** Exercise prompt **
Starting at the first line of the entries below, please return exactly each line up to and including the one with "R8: 270; R_Axial_DIN0614_L14.3mm_D5.7mm_P15.24mm_Horizontal"; pictures stay out.

** Data shown **
################
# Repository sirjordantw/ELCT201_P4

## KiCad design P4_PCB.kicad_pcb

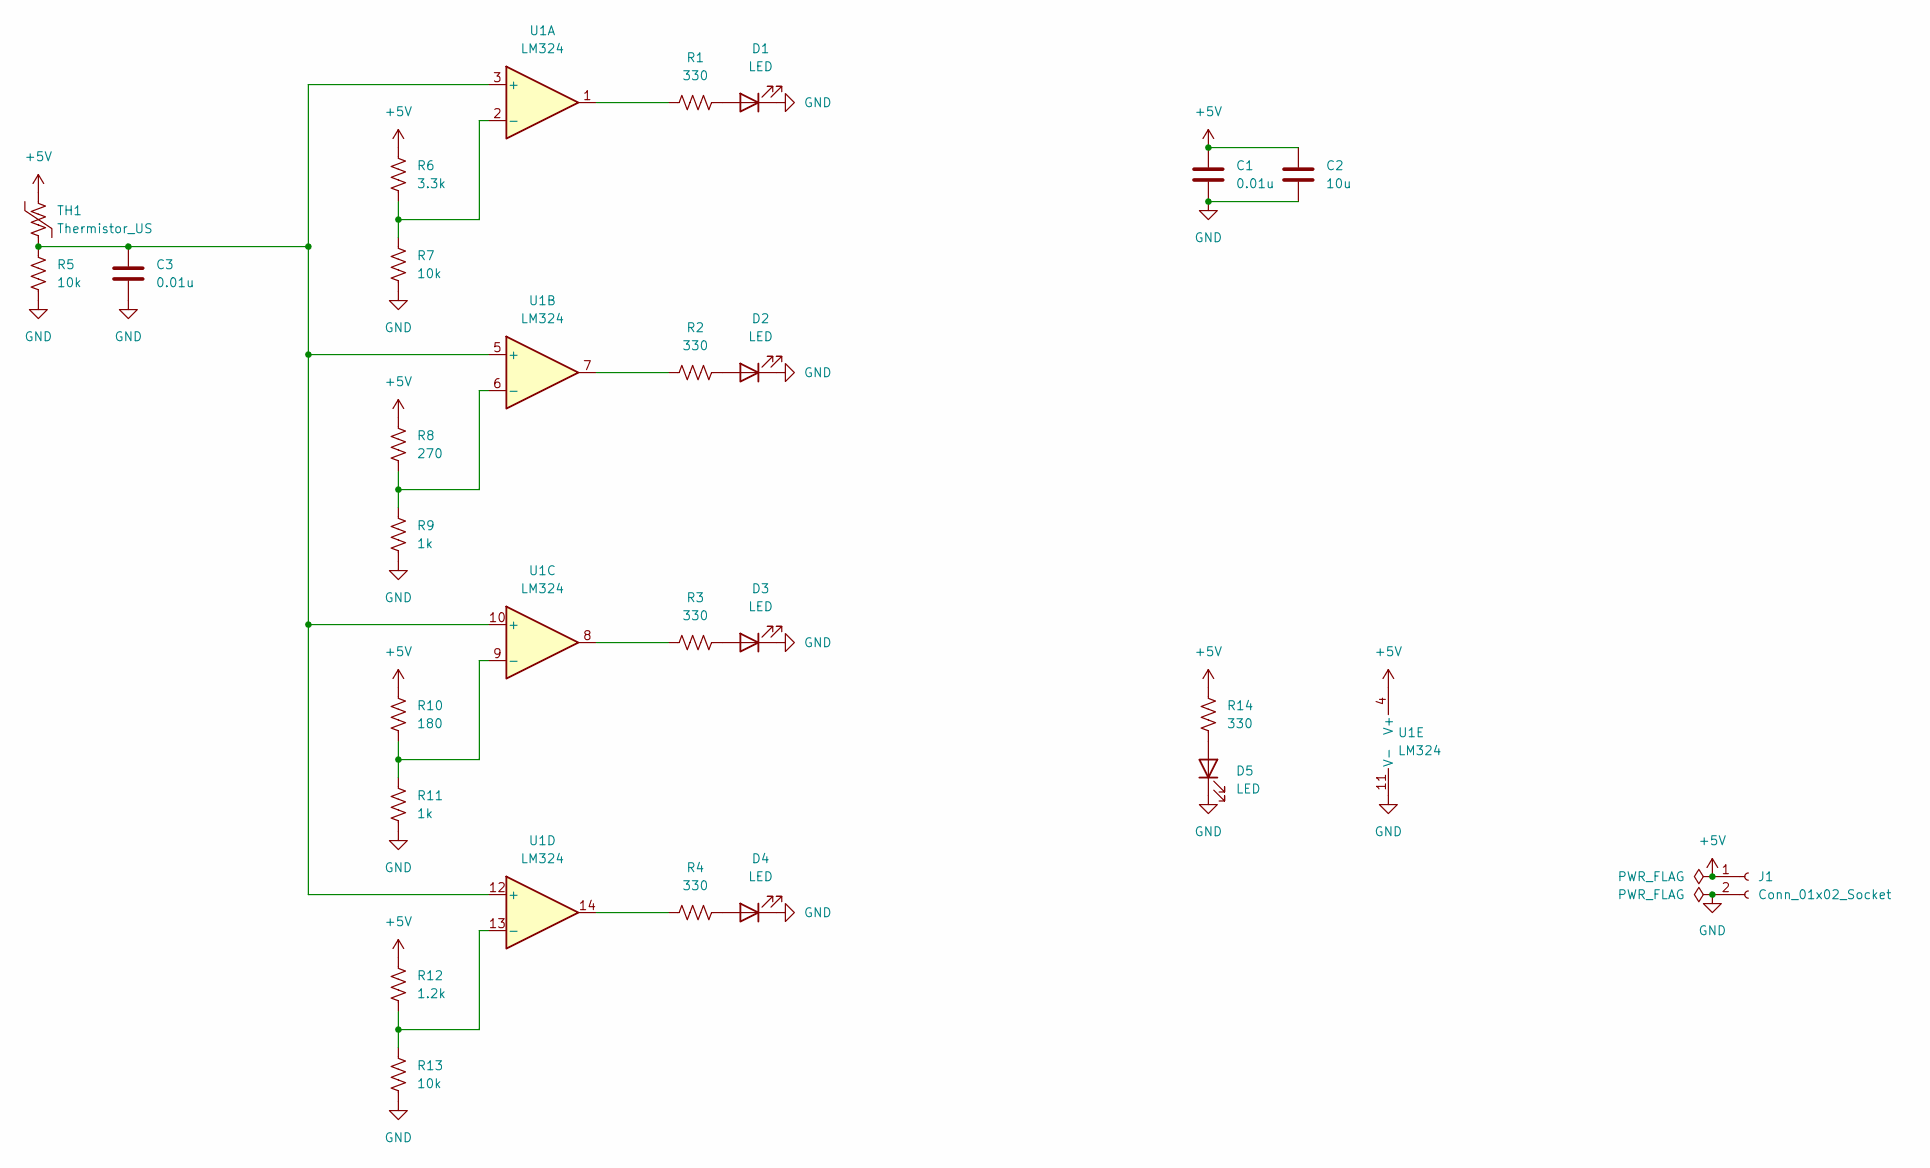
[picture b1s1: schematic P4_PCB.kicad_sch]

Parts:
C1, C3: 0.01u; C_Disc_D6.0mm_W2.5mm_P5.00mm
C2: 10u; CP_Radial_D5.0mm_P2.50mm
D1, D2, D3, D4, D5: LED; LED_D5.0mm
J1: Conn_01x02_Socket; PinHeader_1x02_P2.54mm_Vertical
R1, R2, R3, R4, R14: 330; R_Axial_DIN0614_L14.3mm_D5.7mm_P15.24mm_Horizontal
R5, R7, R13: 10k; R_Axial_DIN0614_L14.3mm_D5.7mm_P15.24mm_Horizontal
R6: 3.3k; R_Axial_DIN0614_L14.3mm_D5.7mm_P15.24mm_Horizontal
R8: 270; R_Axial_DIN0614_L14.3mm_D5.7mm_P15.24mm_Horizontal
R9, R11: 1k; R_Axial_DIN0614_L14.3mm_D5.7mm_P15.24mm_Horizontal
R10: 180; R_Axial_DIN0614_L14.3mm_D5.7mm_P15.24mm_Horizontal
R12: 1.2k; R_Axial_DIN0614_L14.3mm_D5.7mm_P15.24mm_Horizontal
TH1: Thermistor_US; R_Axial_DIN0204_L3.6mm_D1.6mm_P2.54mm_Vertical
U1: LM324; DIP-14_W7.62mm_Socket_LongPads

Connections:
+5V: C1.1, C2.1, J1.1, R6.1, R8.1, R10.1, R12.1, R14.1, TH1.1, U1.4 (V+)
GND: C1.2, C2.2, C3.2, D1.1 (K), D2.1 (K), D3.1 (K), D4.1 (K), D5.1 (K), J1.2, R5.2, R7.2, R9.2, R11.2, R13.2, U1.11 (V-)
unnamed: D1.2 (A), R1.2
unnamed: D2.2 (A), R2.2
unnamed: D3.2 (A), R3.2
unnamed: D4.2 (A), R4.2
unnamed: D5.2 (A), R14.2
unnamed: R1.1, U1.1
unnamed: R2.1, U1.7
unnamed: R3.1, U1.8
unnamed: R4.1, U1.14
unnamed: C3.1, R5.1, TH1.2, U1.3 (+), U1.5 (+), U1.10 (+), U1.12 (+)
unnamed: R6.2, R7.1, U1.2 (-)
unnamed: R8.2, R9.1, U1.6 (-)
unnamed: R10.2, R11.1, U1.9 (-)
unnamed: R12.2, R13.1, U1.13 (-)

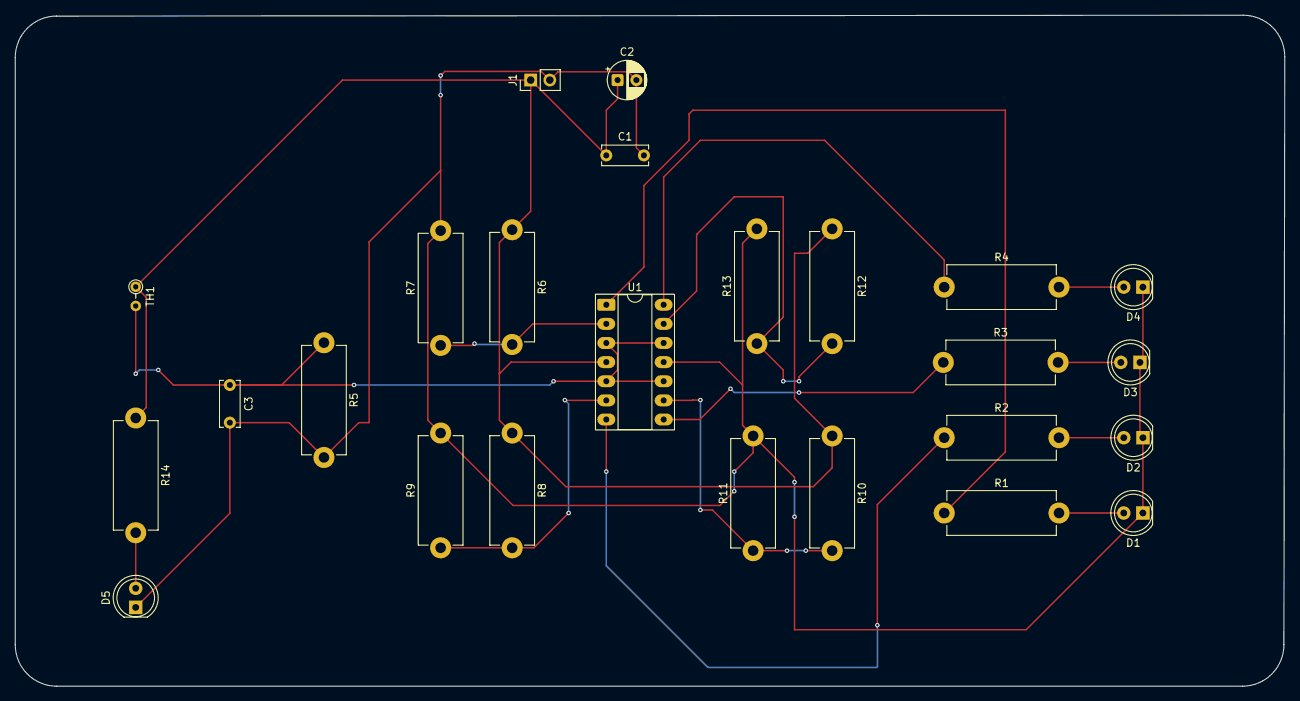
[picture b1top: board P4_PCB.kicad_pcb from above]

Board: 2 copper layers, 168.6 x 89.1 mm, 25 parts (0 on the bottom side), 16 nets.
################
** Written response **
# Repository sirjordantw/ELCT201_P4

## KiCad design P4_PCB.kicad_pcb

[picture b1s1: schematic P4_PCB.kicad_sch]

Parts:
C1, C3: 0.01u; C_Disc_D6.0mm_W2.5mm_P5.00mm
C2: 10u; CP_Radial_D5.0mm_P2.50mm
D1, D2, D3, D4, D5: LED; LED_D5.0mm
J1: Conn_01x02_Socket; PinHeader_1x02_P2.54mm_Vertical
R1, R2, R3, R4, R14: 330; R_Axial_DIN0614_L14.3mm_D5.7mm_P15.24mm_Horizontal
R5, R7, R13: 10k; R_Axial_DIN0614_L14.3mm_D5.7mm_P15.24mm_Horizontal
R6: 3.3k; R_Axial_DIN0614_L14.3mm_D5.7mm_P15.24mm_Horizontal
R8: 270; R_Axial_DIN0614_L14.3mm_D5.7mm_P15.24mm_Horizontal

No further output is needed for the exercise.